Teva Announces Termination of Agreements with CureTech
JERUSALEM -- January 31, 2013
Teva Pharmaceutical Industries Ltd. (NYSE: TEVA) announced today the
termination of its collaboration with CureTech Ltd.
"We are in the process of conducting a disciplined review of our pipeline. As
we looked closely at CT-011 and the most recent clinical and biochemical data,
we have made the strategic decision to invest our resources elsewhere where we
can have the most impact for patients,” stated Dr. Michael Hayden, President
and CEO of R&D and Chief R&D Officer.
CT-011 is a humanized monoclonal antibody being developed as a treatment for
hematological malignancies and solid tumors. CT-011 was assessed in several
phase I and II clinical studies in various cancer indications including
diffuse large B-cell lymphoma (DLBCL), colon cancer, metastatic melanoma and
additional investigator initiated studies.
Teva entered into agreements with CureTech in 2006. Teva intends to book a
noncash net charge of $109 million as a result of the impairment of its
investment in CureTech.
Teva Pharmaceutical Industries Ltd. (NYSE: TEVA) is a leading global
pharmaceutical company, committed to increasing access to high-quality
healthcare by developing, producing and marketing affordable generic drugs as
well as innovative and specialty pharmaceuticals and active pharmaceutical
ingredients. Headquartered in Israel, Teva is the world's leading generic drug
maker, with a global product portfolio of more than 1,000 molecules and a
direct presence in about 60 countries. Teva's branded businesses focus on CNS,
oncology, pain, respiratory and women's health therapeutic areas as well as
biologics. Teva currently employs approximately 46,000 people around the world
and reached $18.3 billion in net revenues in 2011.
Teva's Safe Harbor Statement under the U. S. Private Securities Litigation
Reform Act of 1995:
The following discussion and analysis contains forward-looking statements,
which express the current beliefs and expectations of management. Such
statements involve a number of known and unknown risks and uncertainties that
could cause our future results, performance or achievements to differ
significantly from the results, performance or achievements expressed or
implied by such forward-looking statements. Important factors that could cause
or contribute to such differences include risks relating to: our ability to
develop and commercialize additional pharmaceutical products, competition from
the introduction of competing generic equivalents and due to increased
governmental pricing pressures, the effects of competition on sales of our
innovative medicines, especially Copaxone® (including competition from
innovative orally-administered alternatives as well as from potential generic
equivalents), potential liability for sales of generic medicines prior to a
final resolution of outstanding patent litigation, including that relating to
our generic version of Protonix®, the extent to which we may obtain U.S.

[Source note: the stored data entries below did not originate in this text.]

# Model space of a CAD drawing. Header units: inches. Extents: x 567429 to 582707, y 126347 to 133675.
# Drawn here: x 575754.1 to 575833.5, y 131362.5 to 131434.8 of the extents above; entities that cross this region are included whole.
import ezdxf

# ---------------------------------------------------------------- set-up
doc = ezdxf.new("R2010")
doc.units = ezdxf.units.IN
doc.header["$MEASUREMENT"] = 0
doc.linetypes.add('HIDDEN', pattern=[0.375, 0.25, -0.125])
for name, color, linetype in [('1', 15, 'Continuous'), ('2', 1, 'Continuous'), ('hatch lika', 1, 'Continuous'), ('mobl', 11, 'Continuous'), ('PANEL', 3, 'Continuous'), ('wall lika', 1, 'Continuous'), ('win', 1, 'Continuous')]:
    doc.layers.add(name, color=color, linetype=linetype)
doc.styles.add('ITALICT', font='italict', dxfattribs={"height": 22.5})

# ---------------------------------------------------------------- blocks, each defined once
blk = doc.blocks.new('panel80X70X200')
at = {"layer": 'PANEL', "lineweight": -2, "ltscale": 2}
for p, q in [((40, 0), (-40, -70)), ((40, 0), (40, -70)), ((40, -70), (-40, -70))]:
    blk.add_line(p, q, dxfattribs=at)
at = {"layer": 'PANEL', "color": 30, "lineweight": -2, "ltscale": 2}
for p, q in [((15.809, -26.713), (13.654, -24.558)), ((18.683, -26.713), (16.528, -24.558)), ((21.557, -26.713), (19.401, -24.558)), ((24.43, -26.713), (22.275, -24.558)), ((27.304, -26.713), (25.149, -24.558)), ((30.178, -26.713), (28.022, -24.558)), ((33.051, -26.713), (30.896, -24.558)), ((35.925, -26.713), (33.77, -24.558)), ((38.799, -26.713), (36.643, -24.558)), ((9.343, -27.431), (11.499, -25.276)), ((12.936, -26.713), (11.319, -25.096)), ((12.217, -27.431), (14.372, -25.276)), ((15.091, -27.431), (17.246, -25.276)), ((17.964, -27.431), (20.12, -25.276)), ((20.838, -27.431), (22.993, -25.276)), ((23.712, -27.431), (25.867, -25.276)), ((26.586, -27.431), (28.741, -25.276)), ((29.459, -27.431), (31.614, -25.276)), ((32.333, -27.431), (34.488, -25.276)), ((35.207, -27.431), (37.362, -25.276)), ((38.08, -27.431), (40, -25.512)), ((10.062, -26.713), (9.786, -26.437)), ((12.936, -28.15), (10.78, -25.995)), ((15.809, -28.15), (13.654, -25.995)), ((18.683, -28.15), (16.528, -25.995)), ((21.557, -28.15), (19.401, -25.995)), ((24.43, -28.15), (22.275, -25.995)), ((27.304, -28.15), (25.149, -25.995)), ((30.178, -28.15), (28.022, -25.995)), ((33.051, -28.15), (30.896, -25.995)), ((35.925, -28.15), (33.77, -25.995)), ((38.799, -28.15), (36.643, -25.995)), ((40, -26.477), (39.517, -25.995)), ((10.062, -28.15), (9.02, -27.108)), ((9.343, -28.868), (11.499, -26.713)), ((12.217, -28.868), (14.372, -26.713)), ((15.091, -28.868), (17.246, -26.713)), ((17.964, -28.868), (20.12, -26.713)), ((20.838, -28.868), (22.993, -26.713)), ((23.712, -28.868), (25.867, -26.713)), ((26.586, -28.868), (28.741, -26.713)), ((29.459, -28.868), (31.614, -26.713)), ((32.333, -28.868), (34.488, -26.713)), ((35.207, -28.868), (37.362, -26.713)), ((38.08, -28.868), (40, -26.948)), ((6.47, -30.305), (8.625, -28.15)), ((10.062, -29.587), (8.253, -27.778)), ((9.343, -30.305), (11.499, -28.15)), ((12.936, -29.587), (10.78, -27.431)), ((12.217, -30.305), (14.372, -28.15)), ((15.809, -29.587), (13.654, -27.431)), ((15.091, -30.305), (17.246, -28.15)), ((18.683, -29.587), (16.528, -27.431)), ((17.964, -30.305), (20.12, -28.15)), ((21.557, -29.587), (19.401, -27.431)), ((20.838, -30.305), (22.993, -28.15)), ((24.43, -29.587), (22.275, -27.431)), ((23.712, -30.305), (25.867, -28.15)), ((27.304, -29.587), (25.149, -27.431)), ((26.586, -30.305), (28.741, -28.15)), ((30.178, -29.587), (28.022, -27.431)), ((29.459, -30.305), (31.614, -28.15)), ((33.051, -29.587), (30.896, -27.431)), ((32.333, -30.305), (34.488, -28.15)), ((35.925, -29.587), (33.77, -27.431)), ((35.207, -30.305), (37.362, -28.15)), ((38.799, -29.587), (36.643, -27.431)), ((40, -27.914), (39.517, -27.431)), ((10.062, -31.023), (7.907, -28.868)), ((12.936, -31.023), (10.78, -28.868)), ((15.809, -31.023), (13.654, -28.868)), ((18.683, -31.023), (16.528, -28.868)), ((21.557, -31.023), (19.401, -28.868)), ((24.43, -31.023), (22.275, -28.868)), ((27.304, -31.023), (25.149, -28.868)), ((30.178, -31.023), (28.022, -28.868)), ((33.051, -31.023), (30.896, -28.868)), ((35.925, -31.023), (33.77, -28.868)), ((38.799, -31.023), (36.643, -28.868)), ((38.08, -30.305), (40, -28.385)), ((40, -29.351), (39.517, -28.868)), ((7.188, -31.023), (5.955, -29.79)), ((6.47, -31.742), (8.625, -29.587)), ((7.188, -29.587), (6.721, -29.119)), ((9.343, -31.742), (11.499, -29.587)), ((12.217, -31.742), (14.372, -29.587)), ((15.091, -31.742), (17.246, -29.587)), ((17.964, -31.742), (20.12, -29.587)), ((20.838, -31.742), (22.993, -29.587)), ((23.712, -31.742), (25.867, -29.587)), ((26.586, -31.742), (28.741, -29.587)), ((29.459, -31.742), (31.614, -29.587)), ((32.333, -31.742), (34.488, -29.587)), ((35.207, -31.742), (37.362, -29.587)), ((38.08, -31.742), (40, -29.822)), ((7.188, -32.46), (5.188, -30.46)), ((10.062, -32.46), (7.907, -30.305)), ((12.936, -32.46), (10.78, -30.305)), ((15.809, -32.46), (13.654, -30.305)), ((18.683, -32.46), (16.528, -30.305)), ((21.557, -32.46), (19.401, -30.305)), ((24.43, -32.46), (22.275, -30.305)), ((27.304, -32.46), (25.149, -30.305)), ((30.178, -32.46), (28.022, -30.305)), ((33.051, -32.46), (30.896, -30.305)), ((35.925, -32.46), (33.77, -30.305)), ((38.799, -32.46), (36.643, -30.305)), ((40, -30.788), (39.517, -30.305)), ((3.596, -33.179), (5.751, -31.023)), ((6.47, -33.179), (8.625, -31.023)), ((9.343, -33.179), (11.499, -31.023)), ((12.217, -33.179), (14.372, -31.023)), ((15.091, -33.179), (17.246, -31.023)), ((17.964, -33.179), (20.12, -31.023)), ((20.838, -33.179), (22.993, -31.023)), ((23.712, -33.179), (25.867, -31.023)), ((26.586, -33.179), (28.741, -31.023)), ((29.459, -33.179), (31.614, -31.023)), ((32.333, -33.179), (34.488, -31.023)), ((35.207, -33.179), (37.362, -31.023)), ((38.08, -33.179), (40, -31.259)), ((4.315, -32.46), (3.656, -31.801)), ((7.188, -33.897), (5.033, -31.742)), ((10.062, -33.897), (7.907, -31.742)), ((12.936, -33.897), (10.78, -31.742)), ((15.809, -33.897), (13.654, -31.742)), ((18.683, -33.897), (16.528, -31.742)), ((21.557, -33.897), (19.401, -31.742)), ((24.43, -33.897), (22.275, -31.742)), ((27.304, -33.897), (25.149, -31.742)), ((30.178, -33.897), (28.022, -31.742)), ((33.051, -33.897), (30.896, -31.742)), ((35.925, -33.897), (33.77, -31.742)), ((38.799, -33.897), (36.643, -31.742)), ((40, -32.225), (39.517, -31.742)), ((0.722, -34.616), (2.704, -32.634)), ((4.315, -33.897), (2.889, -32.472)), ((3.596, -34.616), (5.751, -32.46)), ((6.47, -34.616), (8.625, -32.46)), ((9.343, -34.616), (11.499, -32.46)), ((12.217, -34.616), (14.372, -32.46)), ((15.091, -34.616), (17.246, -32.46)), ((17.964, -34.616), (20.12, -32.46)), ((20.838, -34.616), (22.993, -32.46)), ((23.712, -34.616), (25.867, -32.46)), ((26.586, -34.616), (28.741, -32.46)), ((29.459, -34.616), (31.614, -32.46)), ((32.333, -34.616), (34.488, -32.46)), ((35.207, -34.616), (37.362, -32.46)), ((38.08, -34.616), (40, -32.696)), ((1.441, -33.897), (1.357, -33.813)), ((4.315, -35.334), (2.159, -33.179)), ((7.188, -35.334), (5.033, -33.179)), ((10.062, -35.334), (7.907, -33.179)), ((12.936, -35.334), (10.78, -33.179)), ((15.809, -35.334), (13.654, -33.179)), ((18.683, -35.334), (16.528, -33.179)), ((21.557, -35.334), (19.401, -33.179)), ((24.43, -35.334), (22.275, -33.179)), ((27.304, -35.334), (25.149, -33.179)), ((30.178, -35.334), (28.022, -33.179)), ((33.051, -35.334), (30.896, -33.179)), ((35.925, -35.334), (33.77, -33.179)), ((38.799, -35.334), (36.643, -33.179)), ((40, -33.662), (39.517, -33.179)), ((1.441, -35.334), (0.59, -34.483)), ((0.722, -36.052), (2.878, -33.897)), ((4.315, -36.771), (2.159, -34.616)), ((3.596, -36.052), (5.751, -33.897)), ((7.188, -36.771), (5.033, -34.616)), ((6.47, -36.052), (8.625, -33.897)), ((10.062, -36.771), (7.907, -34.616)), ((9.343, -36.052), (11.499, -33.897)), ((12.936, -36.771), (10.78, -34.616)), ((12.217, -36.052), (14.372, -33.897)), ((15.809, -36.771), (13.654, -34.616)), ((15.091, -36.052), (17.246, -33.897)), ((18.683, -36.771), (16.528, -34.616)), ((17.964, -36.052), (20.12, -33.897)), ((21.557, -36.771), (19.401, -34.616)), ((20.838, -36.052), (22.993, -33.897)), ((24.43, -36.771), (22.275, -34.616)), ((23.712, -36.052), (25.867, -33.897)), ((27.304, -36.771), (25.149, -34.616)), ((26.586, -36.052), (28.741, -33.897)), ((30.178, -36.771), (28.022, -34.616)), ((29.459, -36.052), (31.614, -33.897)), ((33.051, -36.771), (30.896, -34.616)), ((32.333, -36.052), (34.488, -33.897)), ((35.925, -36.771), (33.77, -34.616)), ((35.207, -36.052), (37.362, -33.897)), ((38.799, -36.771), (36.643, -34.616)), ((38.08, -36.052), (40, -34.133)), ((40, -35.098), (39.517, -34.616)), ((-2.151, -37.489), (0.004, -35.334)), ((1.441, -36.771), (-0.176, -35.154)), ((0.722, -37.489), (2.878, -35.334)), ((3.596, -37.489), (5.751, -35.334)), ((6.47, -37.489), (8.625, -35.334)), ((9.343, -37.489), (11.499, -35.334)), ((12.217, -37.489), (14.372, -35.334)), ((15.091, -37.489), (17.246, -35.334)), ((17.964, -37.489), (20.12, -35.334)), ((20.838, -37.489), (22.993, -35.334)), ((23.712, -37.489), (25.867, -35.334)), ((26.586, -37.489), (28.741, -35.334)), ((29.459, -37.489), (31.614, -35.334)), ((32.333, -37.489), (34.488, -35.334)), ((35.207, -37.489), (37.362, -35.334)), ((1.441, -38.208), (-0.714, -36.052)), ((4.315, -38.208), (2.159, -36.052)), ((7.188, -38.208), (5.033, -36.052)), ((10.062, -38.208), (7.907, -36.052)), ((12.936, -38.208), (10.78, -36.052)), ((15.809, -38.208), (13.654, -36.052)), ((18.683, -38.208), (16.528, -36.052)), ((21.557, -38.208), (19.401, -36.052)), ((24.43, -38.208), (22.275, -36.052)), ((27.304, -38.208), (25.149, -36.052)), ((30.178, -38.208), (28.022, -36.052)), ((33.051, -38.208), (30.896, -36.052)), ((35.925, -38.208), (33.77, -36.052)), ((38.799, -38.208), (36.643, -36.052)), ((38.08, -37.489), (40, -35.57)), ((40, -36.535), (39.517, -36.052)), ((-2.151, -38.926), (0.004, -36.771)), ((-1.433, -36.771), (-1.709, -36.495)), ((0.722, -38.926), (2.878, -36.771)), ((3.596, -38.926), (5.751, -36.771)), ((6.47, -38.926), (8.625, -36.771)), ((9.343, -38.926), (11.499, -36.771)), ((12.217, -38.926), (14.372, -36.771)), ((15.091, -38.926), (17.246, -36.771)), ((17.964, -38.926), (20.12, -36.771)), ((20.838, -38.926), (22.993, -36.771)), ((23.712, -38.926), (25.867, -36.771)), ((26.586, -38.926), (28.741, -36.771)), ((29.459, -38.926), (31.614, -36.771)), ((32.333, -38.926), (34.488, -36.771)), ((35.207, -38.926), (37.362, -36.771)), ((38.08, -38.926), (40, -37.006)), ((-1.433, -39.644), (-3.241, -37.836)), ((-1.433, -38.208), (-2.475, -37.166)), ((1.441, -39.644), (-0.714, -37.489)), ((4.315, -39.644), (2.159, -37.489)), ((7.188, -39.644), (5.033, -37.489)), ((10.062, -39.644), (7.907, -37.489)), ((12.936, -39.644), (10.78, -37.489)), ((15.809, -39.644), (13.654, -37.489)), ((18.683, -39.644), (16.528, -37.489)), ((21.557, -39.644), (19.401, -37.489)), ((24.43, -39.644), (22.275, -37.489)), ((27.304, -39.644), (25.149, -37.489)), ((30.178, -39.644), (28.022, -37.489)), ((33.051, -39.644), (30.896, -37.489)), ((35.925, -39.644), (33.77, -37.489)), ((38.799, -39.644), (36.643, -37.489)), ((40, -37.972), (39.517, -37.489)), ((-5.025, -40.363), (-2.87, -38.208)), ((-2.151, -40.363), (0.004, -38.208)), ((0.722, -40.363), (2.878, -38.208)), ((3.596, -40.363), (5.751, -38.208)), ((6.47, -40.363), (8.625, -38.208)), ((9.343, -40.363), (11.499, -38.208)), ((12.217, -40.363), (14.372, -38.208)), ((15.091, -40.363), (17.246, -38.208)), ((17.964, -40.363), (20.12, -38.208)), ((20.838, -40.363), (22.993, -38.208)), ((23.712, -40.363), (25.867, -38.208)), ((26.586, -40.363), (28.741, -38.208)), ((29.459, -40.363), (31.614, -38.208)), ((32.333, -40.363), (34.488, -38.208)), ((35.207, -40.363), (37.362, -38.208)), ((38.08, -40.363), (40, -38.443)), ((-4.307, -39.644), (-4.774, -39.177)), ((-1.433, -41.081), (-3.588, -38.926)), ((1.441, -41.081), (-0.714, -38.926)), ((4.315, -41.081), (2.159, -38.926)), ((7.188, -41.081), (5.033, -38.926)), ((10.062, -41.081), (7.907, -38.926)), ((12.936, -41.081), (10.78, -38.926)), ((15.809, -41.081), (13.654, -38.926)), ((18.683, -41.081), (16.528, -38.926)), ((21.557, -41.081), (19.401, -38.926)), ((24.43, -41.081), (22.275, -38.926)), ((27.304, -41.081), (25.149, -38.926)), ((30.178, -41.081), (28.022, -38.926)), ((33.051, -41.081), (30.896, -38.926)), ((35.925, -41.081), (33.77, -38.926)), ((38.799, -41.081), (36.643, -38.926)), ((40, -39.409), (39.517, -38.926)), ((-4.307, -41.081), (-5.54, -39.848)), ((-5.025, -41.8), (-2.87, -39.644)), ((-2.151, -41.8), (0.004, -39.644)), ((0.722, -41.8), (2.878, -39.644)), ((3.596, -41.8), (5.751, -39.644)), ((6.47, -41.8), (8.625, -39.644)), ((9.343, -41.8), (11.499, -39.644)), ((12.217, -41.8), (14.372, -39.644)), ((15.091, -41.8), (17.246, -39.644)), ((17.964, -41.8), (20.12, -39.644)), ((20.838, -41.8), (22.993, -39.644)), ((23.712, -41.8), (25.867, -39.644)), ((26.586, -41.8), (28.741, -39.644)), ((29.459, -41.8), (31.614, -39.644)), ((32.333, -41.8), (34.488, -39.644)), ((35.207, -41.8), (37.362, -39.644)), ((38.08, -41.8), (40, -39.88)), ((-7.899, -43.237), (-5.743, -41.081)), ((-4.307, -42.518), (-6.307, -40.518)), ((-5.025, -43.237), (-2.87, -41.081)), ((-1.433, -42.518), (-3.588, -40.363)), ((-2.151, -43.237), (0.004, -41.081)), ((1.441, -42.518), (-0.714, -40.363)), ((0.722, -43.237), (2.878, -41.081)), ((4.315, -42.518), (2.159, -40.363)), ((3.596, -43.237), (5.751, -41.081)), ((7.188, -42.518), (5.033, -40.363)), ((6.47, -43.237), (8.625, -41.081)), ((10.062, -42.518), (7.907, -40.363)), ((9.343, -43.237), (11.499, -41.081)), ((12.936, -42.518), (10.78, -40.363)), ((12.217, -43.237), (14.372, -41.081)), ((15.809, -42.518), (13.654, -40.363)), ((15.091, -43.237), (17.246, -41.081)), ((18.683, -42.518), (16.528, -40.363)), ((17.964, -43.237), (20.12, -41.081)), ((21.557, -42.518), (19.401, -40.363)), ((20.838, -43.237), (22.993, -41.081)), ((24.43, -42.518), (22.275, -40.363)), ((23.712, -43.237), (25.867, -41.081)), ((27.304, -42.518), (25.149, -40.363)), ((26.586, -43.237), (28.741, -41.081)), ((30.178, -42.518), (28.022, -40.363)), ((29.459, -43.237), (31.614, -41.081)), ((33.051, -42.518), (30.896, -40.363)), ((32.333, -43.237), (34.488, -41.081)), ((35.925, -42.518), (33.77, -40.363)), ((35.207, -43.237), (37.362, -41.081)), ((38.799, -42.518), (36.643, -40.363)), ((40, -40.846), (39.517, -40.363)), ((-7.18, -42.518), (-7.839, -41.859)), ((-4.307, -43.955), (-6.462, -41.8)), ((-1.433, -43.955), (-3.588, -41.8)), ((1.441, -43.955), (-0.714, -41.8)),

market exclusivity for certain of our new generic medicines, the extent to
which any manufacturing or quality control problems damage our reputation for
high quality production and require costly remediation, our ability to
identify, consummate and successfully integrate acquisitions, our ability to
achieve expected results through our innovative R&D efforts, dependence on the
effectiveness of our patents and other protections for innovative medicines,
intense competition in our specialty pharmaceutical businesses, uncertainties
surrounding the legislative and regulatory pathway for the registration and
approval of biotechnology-based medicines, our potential exposure to product
liability claims to the extent not covered by insurance, any failures to
comply with the complex Medicare and Medicaid reporting and payment
obligations, our exposure to currency fluctuations and restrictions as well as
credit risks, the effects of reforms in healthcare regulation and
pharmaceutical pricing and reimbursement, adverse effects of political
instability and adverse economic conditions, major hostilities or acts of
terrorism on our significant worldwide operations, increased government
scrutiny in both the U.S. and Europe of our agreements with brand companies,
interruptions in our supply chain or problems with our information technology
systems that adversely affect our complex manufacturing processes, the impact
of continuing consolidation of our distributors and customers, the difficulty
of complying with U.S. Food and Drug Administration, European Medicines Agency
and other regulatory authority requirements, potentially significant
impairments of intangible assets and goodwill, potential increases in tax
liabilities resulting from challenges to our intercompany arrangements, the
termination or expiration of governmental programs or tax benefits, any
failure to retain key personnel or to attract additional executive and
managerial talent, environmental risks, and other factors that are discussed
in our Annual Report on Form 20-F for the year ended December 31, 2011 and in
our other filings with the U.S. Securities and Exchange Commission (“SEC”).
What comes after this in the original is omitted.